TL;DR
- We now measure user-facing latency as send → end of generation, so if dashboards looked slower, that is partly because this measurement window is broader than before.
- We’re actively improving Pickaxe-side latency, especially in message construction and RAG paths.
Intro
Hello!
I wanted to put together this post going through some of the work we’ve been doing to make Pickaxe faster. As many of you know, we’re putting together a big product improvement/launch this week. But at the same time, we’ve seen many folks struggling with slow speeds on their tools.
As a result, over the past few weeks, we’ve started to implement new tracking and fixes to make Pickaxe lightning fast. The changes we’ve made so far are just the very beginning of what we’re planning.
In the interest of transparency, I wanted to share some internal data on latency, and build in public as we improve the numbers. Consider this post as a benchmark against future progress. I expect to follow up in 2 weeks or so and show the results of the many improvements we’ll be making.
Measurement Changes
Some of you may have checked on your Message Insights panel and seen something like this recently:
This is because we have adjusted the generation time metric, to factor in time from when the user clicked send to when the message finished generating. This change makes it look as if these times have gone up, but they haven’t. We’re now just showing the entire time until the last token is printed.
We did this because many folks were unable to tell how long action generations we taking.
Current Pickaxe Side Latency
Currently, Pickaxe makes up for 75% of the wait time before the user starts seeing a result.
On average, Pickaxe adds a little under 5 seconds of wait time currently.
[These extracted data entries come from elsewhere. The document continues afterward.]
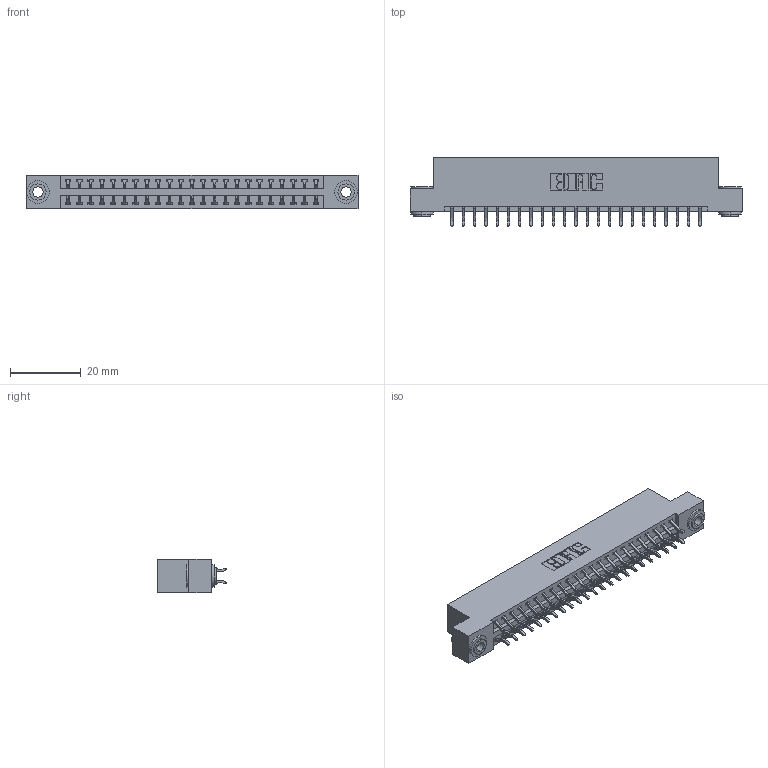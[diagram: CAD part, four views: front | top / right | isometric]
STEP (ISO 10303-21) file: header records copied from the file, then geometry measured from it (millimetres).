
FILE_DESCRIPTION (( 'STEP AP203' ), '1' );
FILE_NAME ('396-046-556-203.STEP', '2019-10-30T12:10:25', ( '' ), ( '' ), 'SwSTEP 2.0', 'SolidWorks 2016', '' );
FILE_SCHEMA (( 'CONFIG_CONTROL_DESIGN' ));
Length unit declared in the file: inch
Products named in the file (4): 396-046-556-203; 345-292-001_556 Tail; 345-250-002_345-250-002-102; 346 Part_Flush Mounting Lugs - 0.156 Dia-TH
Assembly tree (49 placements, depth 2):
  396-046-556-203
    346 Part_Flush Mounting Lugs - 0.156 Dia-TH
    345-292-001_556 Tail  x46
    345-250-002_345-250-002-102  x2
Bounding box: 93.6 x 19.57 x 9.4 mm (x, y, z)
Volume: 8997.1 mm3; surface area: 12239.9 mm2
Topology: 49 solids, 49 shells, 2828 faces, 8363 edges, 5510 vertices
Faces by surface type: plane 1880, cylinder 940, cone 8
Entity records: 18438 total; most frequent: CARTESIAN_POINT 3055, ORIENTED_EDGE 2970, DIRECTION 2763, EDGE_CURVE 1485, VECTOR 1229, LINE 1229, VERTEX_POINT 986, AXIS2_PLACEMENT_3D 767

That’s down from 7 seconds last week, before we started making improvements. My goal is to get that number down to 2 seconds by the end of the month.
That lag mostly comes from our RAG system, and we’ll be making some big improvements to that system to make it faster in the near future.
Current Model TTFT Latency
The model providers also slow things down. On average, they contribute to 25% of the current wait, about 2 seconds on average. The issue is not that they’re slow on average, but that the variability is very high. Some model providers respond in an average of 2 seconds, but still sometimes take 10 seconds when they’re being overloaded. You can learn more here about provider latency and TTFT.
This sample chart shows how much higher the latency and the variability is with Gemini 3 Pro over other models.
I hope this was a helpful dive into our work on latency. We’re making it faster every day!